Chapter 22 and Chapter 23
The Israelites make one last, desperate chance to save themselves. Josiah becomes king of Judah, and his priests suddenly discover “the scroll of the Teaching” in the Temple. I cheated a little bit and checked the commentary on this, and everyone agrees that this scroll is almost certainly the book of Deuteronomy. (Some believe Josiah had Deuteronomy written and then claimed to discover it, while others believe it was actually rediscovered.) Josiah reads Deuteronomy, and it hits him like a ton of bricks. He realizes his people are doomed unless they mend their ways. They are breaking every law in the book (or, on the scroll). No wonder the Lord is so furious at them! Josiah rends his clothes in sorrow. But it’s too late. A lady prophet, Huldah, says the Lord has already doomed Judah—the land will become “a desolation and a curse.”
Still, an optimistic Josiah tries to change God’s mind. He reads the whole scroll out loud to the Israelites, then topples all the idols, knocks down the temples of the male prostitutes, destroys the pagan monuments built by Solomon, unearths pagan cemeteries, and incinerates human bones on the heretic altars. He even restores Passover. Josiah is like no king before or after—he’s almost a second coming of Moses—but it’s not enough. “The Lord did not turn away from His awesome wrath.”

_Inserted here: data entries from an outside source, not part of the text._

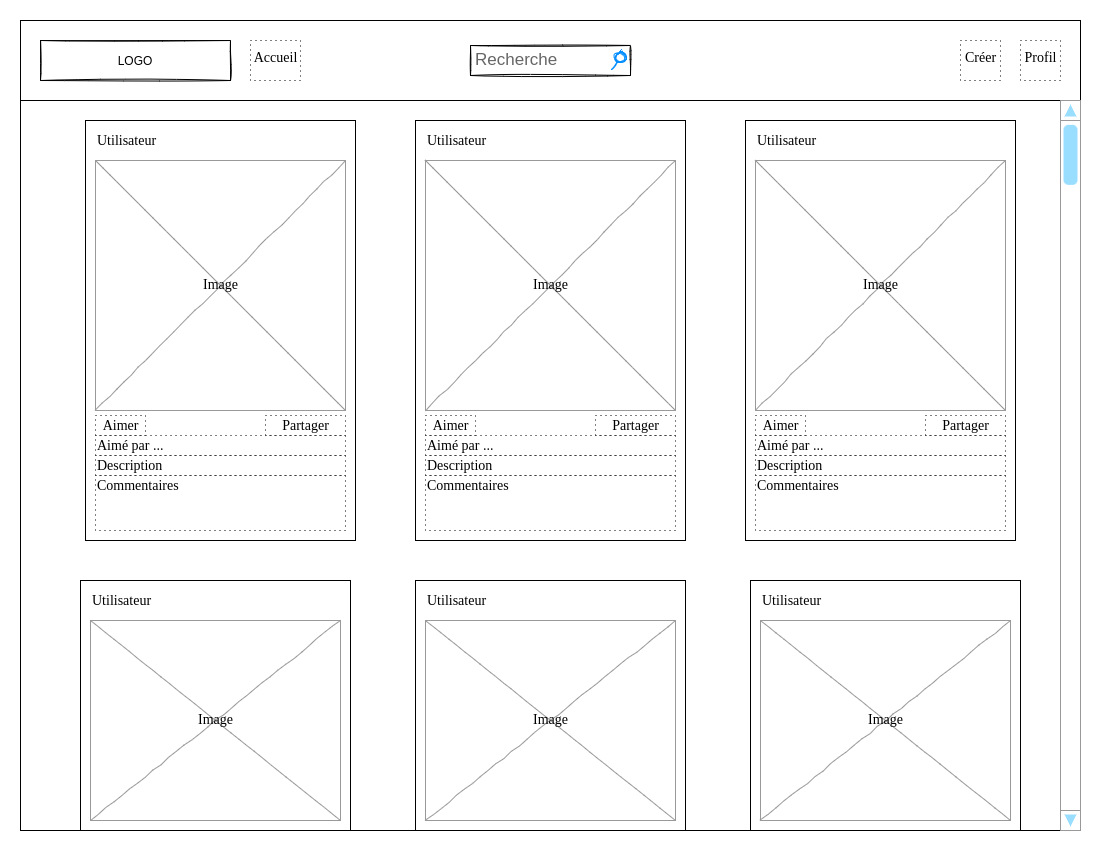

The diagram above was exported from draw.io. Its source (the exported page's mxGraphModel, read from the mxfile embedded in the PNG):
<mxGraphModel dx="1422" dy="734" grid="1" gridSize="10" guides="1" tooltips="1" connect="1" arrows="1" fold="1" page="1" pageScale="1" pageWidth="1100" pageHeight="850" background="none" math="0" shadow="0">
  <root>
    <mxCell id="0" />
    <mxCell id="1" parent="0" />
    <mxCell id="677b7b8949515195-1" value="" style="sketch=0;" parent="1" vertex="1">
      <mxGeometry x="20" y="20" width="1060" height="810" as="geometry" />
    </mxCell>
    <mxCell id="677b7b8949515195-2" value="LOGO" style="sketch=1;" parent="1" vertex="1">
      <mxGeometry x="40" y="40" width="190" height="40" as="geometry" />
    </mxCell>
    <mxCell id="677b7b8949515195-3" value="Recherche" style="strokeWidth=1;shadow=0;dashed=0;align=center;html=1;shape=mxgraph.mockup.forms.searchBox;strokeColor=default;mainText=;strokeColor2=#008cff;fontColor=#666666;fontSize=17;align=left;spacingLeft=3;rounded=0;labelBackgroundColor=none;comic=1;sketch=1;" parent="1" vertex="1">
      <mxGeometry x="470" y="45" width="160" height="30" as="geometry" />
    </mxCell>
    <mxCell id="677b7b8949515195-27" value="Accueil" style="text;html=1;points=[];align=center;verticalAlign=middle;spacingTop=-4;fontSize=14;fontFamily=Verdana;dashed=1;dashPattern=1 4;strokeColor=default;" parent="1" vertex="1">
      <mxGeometry x="250" y="40" width="50" height="40" as="geometry" />
    </mxCell>
    <mxCell id="677b7b8949515195-39" value="Créer" style="text;html=1;points=[];align=center;verticalAlign=middle;spacingTop=-4;fontSize=14;fontFamily=Verdana;strokeColor=default;dashed=1;dashPattern=1 4;" parent="1" vertex="1">
      <mxGeometry x="960" y="40" width="40" height="40" as="geometry" />
    </mxCell>
    <mxCell id="-RH-Ll4sNsOGz_yPx2dC-4" value="Profil" style="text;html=1;points=[];align=center;verticalAlign=middle;spacingTop=-4;fontSize=14;fontFamily=Verdana;strokeColor=default;dashed=1;dashPattern=1 4;" parent="1" vertex="1">
      <mxGeometry x="1020" y="40" width="40" height="40" as="geometry" />
    </mxCell>
    <mxCell id="-RH-Ll4sNsOGz_yPx2dC-7" value="" style="endArrow=none;html=1;rounded=0;sketch=0;" parent="1" edge="1">
      <mxGeometry width="50" height="50" relative="1" as="geometry">
        <mxPoint x="20" y="100" as="sourcePoint" />
        <mxPoint x="1080" y="100" as="targetPoint" />
      </mxGeometry>
    </mxCell>
    <mxCell id="-RH-Ll4sNsOGz_yPx2dC-36" value="" style="group" parent="1" connectable="0" vertex="1">
      <mxGeometry x="85" y="120" width="270" height="420" as="geometry" />
    </mxCell>
    <mxCell id="-RH-Ll4sNsOGz_yPx2dC-8" value="" style="rounded=0;whiteSpace=wrap;html=1;sketch=0;strokeColor=default;" parent="-RH-Ll4sNsOGz_yPx2dC-36" vertex="1">
      <mxGeometry width="270" height="420" as="geometry" />
    </mxCell>
    <mxCell id="677b7b8949515195-16" value="Image" style="verticalLabelPosition=middle;shadow=0;dashed=0;align=center;html=1;verticalAlign=middle;strokeWidth=1;shape=mxgraph.mockup.graphics.simpleIcon;strokeColor=#999999;rounded=0;labelBackgroundColor=none;fontFamily=Verdana;fontSize=14;fontColor=#000000;comic=1;labelPosition=center;" parent="-RH-Ll4sNsOGz_yPx2dC-36" vertex="1">
      <mxGeometry x="10" y="40" width="250" height="250" as="geometry" />
    </mxCell>
    <mxCell id="-RH-Ll4sNsOGz_yPx2dC-9" value="Utilisateur" style="text;html=1;points=[];align=left;verticalAlign=top;spacingTop=-4;fontSize=14;fontFamily=Verdana" parent="-RH-Ll4sNsOGz_yPx2dC-36" vertex="1">
      <mxGeometry x="10" y="10" width="250" height="20" as="geometry" />
    </mxCell>
    <mxCell id="-RH-Ll4sNsOGz_yPx2dC-10" value="Aimer" style="text;html=1;points=[];align=center;verticalAlign=top;spacingTop=-4;fontSize=14;fontFamily=Verdana;dashed=1;dashPattern=1 4;strokeColor=default;" parent="-RH-Ll4sNsOGz_yPx2dC-36" vertex="1">
      <mxGeometry x="10" y="295" width="50" height="20" as="geometry" />
    </mxCell>
    <mxCell id="-RH-Ll4sNsOGz_yPx2dC-11" value="Aimé par ..." style="text;html=1;points=[];align=left;verticalAlign=top;spacingTop=-4;fontSize=14;fontFamily=Verdana;strokeColor=default;dashed=1;dashPattern=1 4;" parent="-RH-Ll4sNsOGz_yPx2dC-36" vertex="1">
      <mxGeometry x="10" y="315" width="250" height="20" as="geometry" />
    </mxCell>
    <mxCell id="-RH-Ll4sNsOGz_yPx2dC-12" value="Description" style="text;html=1;points=[];align=left;verticalAlign=top;spacingTop=-4;fontSize=14;fontFamily=Verdana;strokeColor=default;dashed=1;dashPattern=1 4;" parent="-RH-Ll4sNsOGz_yPx2dC-36" vertex="1">
      <mxGeometry x="10" y="335" width="250" height="20" as="geometry" />
    </mxCell>
    <mxCell id="-RH-Ll4sNsOGz_yPx2dC-13" value="Commentaires" style="text;html=1;points=[];align=left;verticalAlign=top;spacingTop=-4;fontSize=14;fontFamily=Verdana;dashed=1;dashPattern=1 4;strokeColor=default;" parent="-RH-Ll4sNsOGz_yPx2dC-36" vertex="1">
      <mxGeometry x="10" y="355" width="250" height="55" as="geometry" />
    </mxCell>
    <mxCell id="-RH-Ll4sNsOGz_yPx2dC-16" value="Partager" style="text;html=1;points=[];align=center;verticalAlign=top;spacingTop=-4;fontSize=14;fontFamily=Verdana;dashed=1;dashPattern=1 4;strokeColor=default;" parent="-RH-Ll4sNsOGz_yPx2dC-36" vertex="1">
      <mxGeometry x="180" y="295" width="80" height="20" as="geometry" />
    </mxCell>
    <mxCell id="-RH-Ll4sNsOGz_yPx2dC-37" value="" style="group" parent="1" connectable="0" vertex="1">
      <mxGeometry x="415" y="120" width="270" height="420" as="geometry" />
    </mxCell>
    <mxCell id="-RH-Ll4sNsOGz_yPx2dC-38" value="" style="rounded=0;whiteSpace=wrap;html=1;sketch=0;strokeColor=default;" parent="-RH-Ll4sNsOGz_yPx2dC-37" vertex="1">
      <mxGeometry width="270" height="420" as="geometry" />
    </mxCell>
    <mxCell id="-RH-Ll4sNsOGz_yPx2dC-39" value="Image" style="verticalLabelPosition=middle;shadow=0;dashed=0;align=center;html=1;verticalAlign=middle;strokeWidth=1;shape=mxgraph.mockup.graphics.simpleIcon;strokeColor=#999999;rounded=0;labelBackgroundColor=none;fontFamily=Verdana;fontSize=14;fontColor=#000000;comic=1;labelPosition=center;" parent="-RH-Ll4sNsOGz_yPx2dC-37" vertex="1">
      <mxGeometry x="10" y="40" width="250" height="250" as="geometry" />
    </mxCell>
    <mxCell id="-RH-Ll4sNsOGz_yPx2dC-40" value="Utilisateur" style="text;html=1;points=[];align=left;verticalAlign=top;spacingTop=-4;fontSize=14;fontFamily=Verdana" parent="-RH-Ll4sNsOGz_yPx2dC-37" vertex="1">
      <mxGeometry x="10" y="10" width="250" height="20" as="geometry" />
    </mxCell>
    <mxCell id="-RH-Ll4sNsOGz_yPx2dC-41" value="Aimer" style="text;html=1;points=[];align=center;verticalAlign=top;spacingTop=-4;fontSize=14;fontFamily=Verdana;dashed=1;dashPattern=1 4;strokeColor=default;" parent="-RH-Ll4sNsOGz_yPx2dC-37" vertex="1">
      <mxGeometry x="10" y="295" width="50" height="20" as="geometry" />
    </mxCell>
    <mxCell id="-RH-Ll4sNsOGz_yPx2dC-42" value="Aimé par ..." style="text;html=1;points=[];align=left;verticalAlign=top;spacingTop=-4;fontSize=14;fontFamily=Verdana;strokeColor=default;dashed=1;dashPattern=1 4;" parent="-RH-Ll4sNsOGz_yPx2dC-37" vertex="1">
      <mxGeometry x="10" y="315" width="250" height="20" as="geometry" />
    </mxCell>
    <mxCell id="-RH-Ll4sNsOGz_yPx2dC-43" value="Description" style="text;html=1;points=[];align=left;verticalAlign=top;spacingTop=-4;fontSize=14;fontFamily=Verdana;strokeColor=default;dashed=1;dashPattern=1 4;" parent="-RH-Ll4sNsOGz_yPx2dC-37" vertex="1">
      <mxGeometry x="10" y="335" width="250" height="20" as="geometry" />
    </mxCell>
    <mxCell id="-RH-Ll4sNsOGz_yPx2dC-44" value="Commentaires" style="text;html=1;points=[];align=left;verticalAlign=top;spacingTop=-4;fontSize=14;fontFamily=Verdana;dashed=1;dashPattern=1 4;strokeColor=default;" parent="-RH-Ll4sNsOGz_yPx2dC-37" vertex="1">
      <mxGeometry x="10" y="355" width="250" height="55" as="geometry" />
    </mxCell>
    <mxCell id="-RH-Ll4sNsOGz_yPx2dC-46" value="Partager" style="text;html=1;points=[];align=center;verticalAlign=top;spacingTop=-4;fontSize=14;fontFamily=Verdana;dashed=1;dashPattern=1 4;strokeColor=default;" parent="-RH-Ll4sNsOGz_yPx2dC-37" vertex="1">
      <mxGeometry x="180" y="295" width="80" height="20" as="geometry" />
    </mxCell>
    <mxCell id="-RH-Ll4sNsOGz_yPx2dC-47" value="" style="group" parent="1" connectable="0" vertex="1">
      <mxGeometry x="745" y="120" width="270" height="420" as="geometry" />
    </mxCell>
    <mxCell id="-RH-Ll4sNsOGz_yPx2dC-48" value="" style="rounded=0;whiteSpace=wrap;html=1;sketch=0;strokeColor=default;" parent="-RH-Ll4sNsOGz_yPx2dC-47" vertex="1">
      <mxGeometry width="270" height="420" as="geometry" />
    </mxCell>
    <mxCell id="-RH-Ll4sNsOGz_yPx2dC-49" value="Image" style="verticalLabelPosition=middle;shadow=0;dashed=0;align=center;html=1;verticalAlign=middle;strokeWidth=1;shape=mxgraph.mockup.graphics.simpleIcon;strokeColor=#999999;rounded=0;labelBackgroundColor=none;fontFamily=Verdana;fontSize=14;fontColor=#000000;comic=1;labelPosition=center;" parent="-RH-Ll4sNsOGz_yPx2dC-47" vertex="1">
      <mxGeometry x="10" y="40" width="250" height="250" as="geometry" />
    </mxCell>
    <mxCell id="-RH-Ll4sNsOGz_yPx2dC-50" value="Utilisateur" style="text;html=1;points=[];align=left;verticalAlign=top;spacingTop=-4;fontSize=14;fontFamily=Verdana" parent="-RH-Ll4sNsOGz_yPx2dC-47" vertex="1">
      <mxGeometry x="10" y="10" width="250" height="20" as="geometry" />
    </mxCell>
    <mxCell id="-RH-Ll4sNsOGz_yPx2dC-51" value="Aimer" style="text;html=1;points=[];align=center;verticalAlign=top;spacingTop=-4;fontSize=14;fontFamily=Verdana;dashed=1;dashPattern=1 4;strokeColor=default;" parent="-RH-Ll4sNsOGz_yPx2dC-47" vertex="1">
      <mxGeometry x="10" y="295" width="50" height="20" as="geometry" />
    </mxCell>
    <mxCell id="-RH-Ll4sNsOGz_yPx2dC-52" value="Aimé par ..." style="text;html=1;points=[];align=left;verticalAlign=top;spacingTop=-4;fontSize=14;fontFamily=Verdana;strokeColor=default;dashed=1;dashPattern=1 4;" parent="-RH-Ll4sNsOGz_yPx2dC-47" vertex="1">
      <mxGeometry x="10" y="315" width="250" height="20" as="geometry" />
    </mxCell>
    <mxCell id="-RH-Ll4sNsOGz_yPx2dC-53" value="Description" style="text;html=1;points=[];align=left;verticalAlign=top;spacingTop=-4;fontSize=14;fontFamily=Verdana;strokeColor=default;dashed=1;dashPattern=1 4;" parent="-RH-Ll4sNsOGz_yPx2dC-47" vertex="1">
      <mxGeometry x="10" y="335" width="250" height="20" as="geometry" />
    </mxCell>
    <mxCell id="-RH-Ll4sNsOGz_yPx2dC-54" value="Commentaires" style="text;html=1;points=[];align=left;verticalAlign=top;spacingTop=-4;fontSize=14;fontFamily=Verdana;dashed=1;dashPattern=1 4;strokeColor=default;" parent="-RH-Ll4sNsOGz_yPx2dC-47" vertex="1">
      <mxGeometry x="10" y="355" width="250" height="55" as="geometry" />
    </mxCell>
    <mxCell id="-RH-Ll4sNsOGz_yPx2dC-56" value="Partager" style="text;html=1;points=[];align=center;verticalAlign=top;spacingTop=-4;fontSize=14;fontFamily=Verdana;dashed=1;dashPattern=1 4;strokeColor=default;" parent="-RH-Ll4sNsOGz_yPx2dC-47" vertex="1">
      <mxGeometry x="180" y="295" width="80" height="20" as="geometry" />
    </mxCell>
    <mxCell id="-RH-Ll4sNsOGz_yPx2dC-67" value="" style="group" parent="1" connectable="0" vertex="1">
      <mxGeometry x="80" y="580" width="270" height="250" as="geometry" />
    </mxCell>
    <mxCell id="-RH-Ll4sNsOGz_yPx2dC-58" value="" style="rounded=0;whiteSpace=wrap;html=1;sketch=0;strokeColor=default;" parent="-RH-Ll4sNsOGz_yPx2dC-67" vertex="1">
      <mxGeometry width="270" height="250" as="geometry" />
    </mxCell>
    <mxCell id="-RH-Ll4sNsOGz_yPx2dC-59" value="Image" style="verticalLabelPosition=middle;shadow=0;dashed=0;align=center;html=1;verticalAlign=middle;strokeWidth=1;shape=mxgraph.mockup.graphics.simpleIcon;strokeColor=#999999;rounded=0;labelBackgroundColor=none;fontFamily=Verdana;fontSize=14;fontColor=#000000;comic=1;labelPosition=center;" parent="-RH-Ll4sNsOGz_yPx2dC-67" vertex="1">
      <mxGeometry x="10" y="40" width="250" height="200" as="geometry" />
    </mxCell>
    <mxCell id="-RH-Ll4sNsOGz_yPx2dC-60" value="Utilisateur" style="text;html=1;points=[];align=left;verticalAlign=top;spacingTop=-4;fontSize=14;fontFamily=Verdana" parent="-RH-Ll4sNsOGz_yPx2dC-67" vertex="1">
      <mxGeometry x="10" y="10" width="250" height="20" as="geometry" />
    </mxCell>
    <mxCell id="-RH-Ll4sNsOGz_yPx2dC-68" value="" style="group" parent="1" connectable="0" vertex="1">
      <mxGeometry x="415" y="580" width="270" height="250" as="geometry" />
    </mxCell>
    <mxCell id="-RH-Ll4sNsOGz_yPx2dC-69" value="" style="rounded=0;whiteSpace=wrap;html=1;sketch=0;strokeColor=default;" parent="-RH-Ll4sNsOGz_yPx2dC-68" vertex="1">
      <mxGeometry width="270" height="250" as="geometry" />
    </mxCell>
    <mxCell id="-RH-Ll4sNsOGz_yPx2dC-70" value="Image" style="verticalLabelPosition=middle;shadow=0;dashed=0;align=center;html=1;verticalAlign=middle;strokeWidth=1;shape=mxgraph.mockup.graphics.simpleIcon;strokeColor=#999999;rounded=0;labelBackgroundColor=none;fontFamily=Verdana;fontSize=14;fontColor=#000000;comic=1;labelPosition=center;" parent="-RH-Ll4sNsOGz_yPx2dC-68" vertex="1">
      <mxGeometry x="10" y="40" width="250" height="200" as="geometry" />
    </mxCell>
    <mxCell id="-RH-Ll4sNsOGz_yPx2dC-71" value="Utilisateur" style="text;html=1;points=[];align=left;verticalAlign=top;spacingTop=-4;fontSize=14;fontFamily=Verdana" parent="-RH-Ll4sNsOGz_yPx2dC-68" vertex="1">
      <mxGeometry x="10" y="10" width="250" height="20" as="geometry" />
    </mxCell>
    <mxCell id="-RH-Ll4sNsOGz_yPx2dC-72" value="" style="group" parent="1" connectable="0" vertex="1">
      <mxGeometry x="750" y="580" width="270" height="250" as="geometry" />
    </mxCell>
    <mxCell id="-RH-Ll4sNsOGz_yPx2dC-73" value="" style="rounded=0;whiteSpace=wrap;html=1;sketch=0;strokeColor=default;" parent="-RH-Ll4sNsOGz_yPx2dC-72" vertex="1">
      <mxGeometry width="270" height="250" as="geometry" />
    </mxCell>
    <mxCell id="-RH-Ll4sNsOGz_yPx2dC-74" value="Image" style="verticalLabelPosition=middle;shadow=0;dashed=0;align=center;html=1;verticalAlign=middle;strokeWidth=1;shape=mxgraph.mockup.graphics.simpleIcon;strokeColor=#999999;rounded=0;labelBackgroundColor=none;fontFamily=Verdana;fontSize=14;fontColor=#000000;comic=1;labelPosition=center;" parent="-RH-Ll4sNsOGz_yPx2dC-72" vertex="1">
      <mxGeometry x="10" y="40" width="250" height="200" as="geometry" />
    </mxCell>
    <mxCell id="-RH-Ll4sNsOGz_yPx2dC-75" value="Utilisateur" style="text;html=1;points=[];align=left;verticalAlign=top;spacingTop=-4;fontSize=14;fontFamily=Verdana" parent="-RH-Ll4sNsOGz_yPx2dC-72" vertex="1">
      <mxGeometry x="10" y="10" width="250" height="20" as="geometry" />
    </mxCell>
    <mxCell id="-RH-Ll4sNsOGz_yPx2dC-76" value="" style="verticalLabelPosition=bottom;shadow=0;dashed=0;align=center;html=1;verticalAlign=top;strokeWidth=1;shape=mxgraph.mockup.navigation.scrollBar;strokeColor=#999999;barPos=99.306;fillColor2=#99ddff;strokeColor2=none;direction=north;dashPattern=1 4;sketch=0;fontFamily=Helvetica;" parent="1" vertex="1">
      <mxGeometry x="1060" y="100" width="20" height="730" as="geometry" />
    </mxCell>
  </root>
</mxGraphModel>

This seems very unfair of God. Josiah does everything possible to restore his people into God’s good graces. He follows all of God’s orders. By the time of Josiah’s death, the Judahites are as holy as they have ever been, yet He doesn’t forgive! It seems oddly merciless. If He won’t save the faithful, what’s the point of believing at all?
Chapter 24 and Chapter 25
The end is here. Nebuchadnezzar of Babylon invades and makes quick work of Judah. Judah’s new king Jehoiakim becomes a vassal, then rebels. Neb crushes the rebellion, takes the king prisoner, deports all the able men to Babylon, and loots Jerusalem.
The Babylonians install a puppet king, who also rebels. That rebellion is crushed, as well. A Babylonian commander sacks the temple and executes the priests. Jerusalem is turned into a ghost town, with only its poorest inhabitants left to till the fields.
This marks the end of the glory days of the Israelites. The hope and opportunity of the Torah have been squandered. It’s hard to see what hope, or faith, could remain after such tragedy. Yet there’s enough that the Israelites wrote down these books and preserved their memory of God’s love through a brutal exile.
The book of Kings ends with an incredible, heartbreaking vignette. After the conquest of Judah, Nebuchadnezzar releases deposed king Jehoiakim from prison and keeps him as a court retainer. Neb lets the former king eat at his table every day and gives him a daily allowance. The last king of Judah is a pet, a domesticated animal, an obedient monkey serving a pagan master. This is the fate of God’s chosen people, and their king.